SPEED CONTROL OF PERMANENT MAGNET SYNCHRONOUS MOTOR USING AN ARTIFICIAL INTELLIGENCE CONTROLLER
Keywords:
Permanent Magnet Synchronous Motor, Artificial Intelligence Controller, Speed Control, Neural Network, Fuzzy Logic, Field Oriented ControlAbstract
Permanent Magnet Synchronous Motors (PMSMs) are widely adopted in high-performance industrial
drives, electric vehicles, robotics, and renewable energy systems due to their high efficiency, compact
size, and superior torque density. However, achieving precise and robust speed control of PMSMs
remains a challenging task because of nonlinear dynamics, parameter variations, load disturbances, and
uncertainties in operating conditions. Conventional proportional–integral (PI) controllers, although simple
and widely used, exhibit limited performance under such nonlinear and time-varying conditions. In recent
years, Artificial Intelligence (AI)–based control techniques have emerged as powerful alternatives capable
of learning system behavior, adapting to uncertainties, and improving dynamic performance.

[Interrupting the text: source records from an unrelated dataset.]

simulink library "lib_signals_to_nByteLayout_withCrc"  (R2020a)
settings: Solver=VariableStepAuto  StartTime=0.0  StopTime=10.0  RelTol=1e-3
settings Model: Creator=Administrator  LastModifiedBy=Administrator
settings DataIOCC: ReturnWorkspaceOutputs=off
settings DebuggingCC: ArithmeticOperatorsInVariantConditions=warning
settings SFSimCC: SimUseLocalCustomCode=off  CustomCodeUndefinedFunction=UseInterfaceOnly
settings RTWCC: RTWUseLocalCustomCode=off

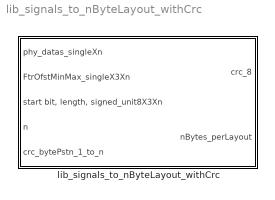
== system lib_signals_to_nByteLayout_withCrc ==
  lib_signals_to_nByteLayout_withCrc : Subsystem

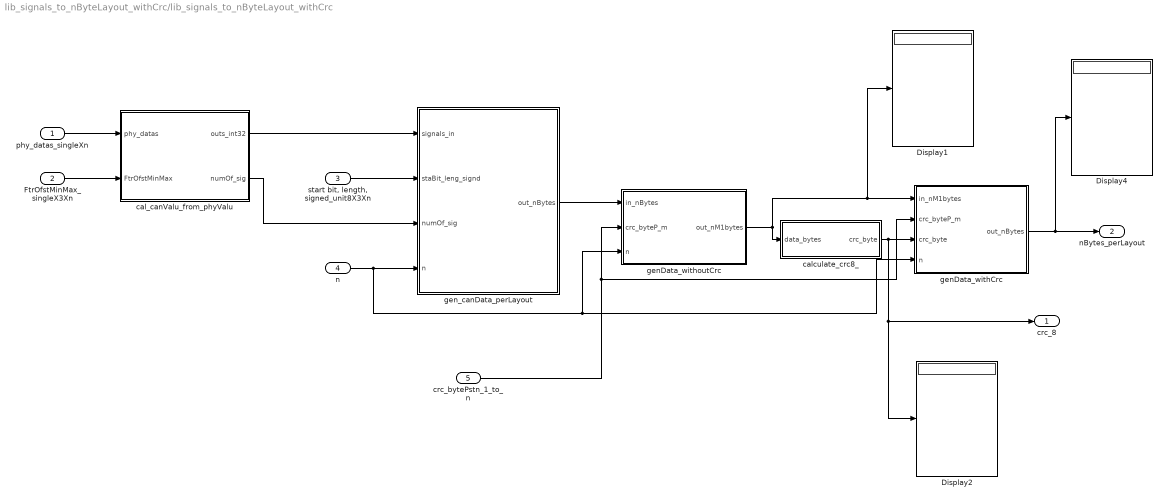
== system lib_signals_to_nByteLayout_withCrc/lib_signals_to_nByteLayout_withCrc ==
  phy_datas_singleXn : Inport  OutDataTypeStr=single
  FtrOfstMinMax_singleX3Xn : Inport  Port=2  OutDataTypeStr=single
  "start bit, length, signed_unit8X3Xn" : Inport  Port=3  OutDataTypeStr=uint8
  n : Inport  Port=4  OutDataTypeStr=uint8  PortDimensions=1
  crc_bytePstn_1_to_n : Inport  Port=5  OutDataTypeStr=uint8  PortDimensions=1
  Display1 : Display
  Display2 : Display
  Display4 : Display
  cal_canValu_from_phyValu : MATLAB Function  TreatAsAtomicUnit=on
  calculate_crc8_ : MATLAB Function  TreatAsAtomicUnit=on
  genData_withCrc : MATLAB Function  TreatAsAtomicUnit=on
  genData_withoutCrc : MATLAB Function  TreatAsAtomicUnit=on
  gen_canData_perLayout : MATLAB Function  TreatAsAtomicUnit=on
  crc_8 : Outport  OutDataTypeStr=uint8  PortDimensions=1  VectorParamsAs1DForOutWhenUnconnected=off
  nBytes_perLayout : Outport  Port=2  OutDataTypeStr=uint8  VectorParamsAs1DForOutWhenUnconnected=off
  wires:
  cal_canValu_from_phyValu/2(numOf_sig) -> gen_canData_perLayout/3(numOf_sig)
  calculate_crc8_/1(crc_byte) -> crc_8/1, Display2/1, genData_withCrc/3(crc_byte)
  FtrOfstMinMax_singleX3Xn/1 -> cal_canValu_from_phyValu/2(FtrOfstMinMax)
  genData_withCrc/1(out_nBytes) -> nBytes_perLayout/1, Display4/1
  "start bit, length, signed_unit8X3Xn"/1 -> gen_canData_perLayout/2(staBit_leng_signd)
  genData_withoutCrc/1(out_nM1bytes) -> genData_withCrc/1(in_nM1bytes), Display1/1, calculate_crc8_/1(data_bytes)
  crc_bytePstn_1_to_n/1 -> genData_withoutCrc/2(crc_byteP_m), genData_withCrc/2(crc_byteP_m)
  gen_canData_perLayout/1(out_nBytes) -> genData_withoutCrc/1(in_nBytes)
  cal_canValu_from_phyValu/1(outs_int32) -> gen_canData_perLayout/1(signals_in)
  phy_datas_singleXn/1 -> cal_canValu_from_phyValu/1(phy_datas)
  n/1 -> genData_withoutCrc/3(n), genData_withCrc/4(n), gen_canData_perLayout/4(n)

== matlab function lib_signals_to_nByteLayout_withCrc/calculate_crc8_ ==
  data: data_bytes input uint8 size=8; crc_byte output uint8 size=1
% function crc8 = fcn(byte_data, bytes)
function crc_byte = fcn(data_bytes)


    t_crc = uint8(hex2dec('ff'));
    [bytes, temp] = size( data_bytes );
    
    for f = 1:bytes
        t_crc = bitxor(data_bytes(f),t_crc);

        for b = 1:8

             if(bitand( t_crc,hex2dec('80') ) ~= 0)  
                   t_crc = bitshift( t_crc,1 );
                   t_crc = bitxor( t_crc,hex2dec('1d') );

             else
                   t_crc = bitshift(t_crc,1);

             end
        end
    end

    %equivalent of c coding: ~t_crc
    crc_byte = bitxor(t_crc, hex2dec('ff'));

== matlab function lib_signals_to_nByteLayout_withCrc/gen_canData_perLayout ==
  data staBit_leng_signd settings: description=start bit, length, signed
  data: signals_in input int32; out_nBytes output uint8 size=8; staBit_leng_signd input uint8; numOf_sig input uint8 size=1; n input uint8 size=1
function out_nBytes = fcn(signals_in, staBit_leng_signd, numOf_sig, n)

out_nBytes = zeros(n, 1, 'uint8');

for sig = 1 : numOf_sig 
    % get data
    data = signals_in(sig);
    strBit =  staBit_leng_signd( (sig-1)*3 + 1 ) + 1; % +1 is because we use matlab counting inside this function
    leng   =  staBit_leng_signd( (sig-1)*3 + 2 );
    signed  =  staBit_leng_signd( (sig-1)*3 + 3 );
    
    
    % determine the address (row/byte and column/bit) of the starting bit
%    row_byt = uint8(floor(strBit/uint8(8) ) );
    row_byt = uint8( floor( single(strBit-1)/single(8) ) ) + 1;   % -1 is to start from 0 instead of 1 
%    col_bit = strBit - (row_byt - 1) * 8; 
    col_bit = mod(strBit-1, 8) + 1;   % -1 is to start from 0 instead of 1
    
    % copy each bit in data into the CAN layout
    for data_b = 1 :1 :leng
      
        if signed && (data_b == leng)    % special case for signed input and at the msb
            v = bitget(data, 32 );        % msb of the input data int32                    
        else    % all regular case
            v = bitget( data, data_b );     
        end
        
        out_nBytes(row_byt) = bitset( out_nBytes(row_byt), col_bit, v);
        
        col_bit = col_bit + 1;
        if (col_bit > 8)
            col_bit = uint8(1);
            row_byt = row_byt - 1;   % this is the way layout goes
            
        end
    end
    
    
end

== matlab function lib_signals_to_nByteLayout_withCrc/genData_withCrc ==
  data crc_byteP_m settings: description=start bit, length, signed
  data crc_byte settings: description=start bit, length, signed
  data: in_nM1bytes input uint8; crc_byteP_m input uint8 size=1; out_nBytes output uint8 size=8; crc_byte input uint8 size=1; n input uint8 size=1
function out_nBytes  = fcn(in_nM1bytes, crc_byteP_m, crc_byte, n)

out_nBytes = zeros(n, 1, 'uint8');
in_pstn  = uint8(1);
out_pstn = uint8(1);

while out_pstn <= n   
    if out_pstn == crc_byteP_m
        out_nBytes(out_pstn) = crc_byte;   
    else
        out_nBytes(out_pstn) = in_nM1bytes(in_pstn);       
        in_pstn = in_pstn + 1;
    end
    out_pstn = out_pstn + 1;
end

== matlab function lib_signals_to_nByteLayout_withCrc/genData_withoutCrc ==
  data crc_byteP_m settings: description=start bit, length, signed
  data: in_nBytes input uint8; crc_byteP_m input uint8 size=1; out_nM1bytes output uint8 size=8; n input uint8 size=1
function out_nM1bytes  = fcn(in_nBytes, crc_byteP_m, n)

out_nM1bytes = zeros(n-1,1, 'uint8');

byte_in  = uint8(1);
byte_out = uint8(1);

while byte_in <= n   
    if byte_in == crc_byteP_m
        
    else
        out_nM1bytes(byte_out) = in_nBytes(byte_in);       
        byte_out = byte_out + 1;
    end
    byte_in = byte_in + 1;
end

== matlab function lib_signals_to_nByteLayout_withCrc/cal_canValu_from_phyValu ==
  data FtrOfstMinMax settings: description=factor, offset, min, max
  data: outs_int32 output int32 size=100; phy_datas input single; FtrOfstMinMax input single; numOf_sig output uint8 size=1
function [outs_int32,numOf_sig] = fcn(phy_datas, FtrOfstMinMax)



temp = size(phy_datas);
numOf_sig = uint8(temp(1));

outs_int32 = zeros(numOf_sig, 1, 'int32');

for sig = 1 : numOf_sig 
    in_single = phy_datas(sig);
    i_base = (sig-1) * 4 ;
    factor = FtrOfstMinMax( i_base + 1);
    offset = FtrOfstMinMax( i_base + 2);
    min_v  = FtrOfstMinMax( i_base + 3);
    max_v  = FtrOfstMinMax( i_base + 4);
    
    if (in_single < min_v ) || (in_single > max_v )
        "Error 1319"
    end
    out_int32       = int32( (in_single - offset)/factor );    
    outs_int32(sig) = out_int32;
end

This paper
presents a comprehensive study on speed control of a PMSM using an AI controller, with emphasis on
intelligent techniques such as Artificial Neural Networks (ANN), Fuzzy Logic Control (FLC), and hybrid
neuro-fuzzy approaches. The mathematical modeling of PMSM in the d–q reference frame is discussed,
followed by the design methodology of the AI-based speed controller integrated with field-oriented
control. Performance evaluation is carried out in terms of rise time, settling time, steady-state error,
torque ripple, and robustness against load disturbances. Comparative analysis with conventional PI
control demonstrates the superiority of AI controllers in achieving faster dynamic response, reduced
overshoot, and improved stability. The results highlight the suitability of AI-based speed control
strategies for next-generation high-performance PMSM drive applications.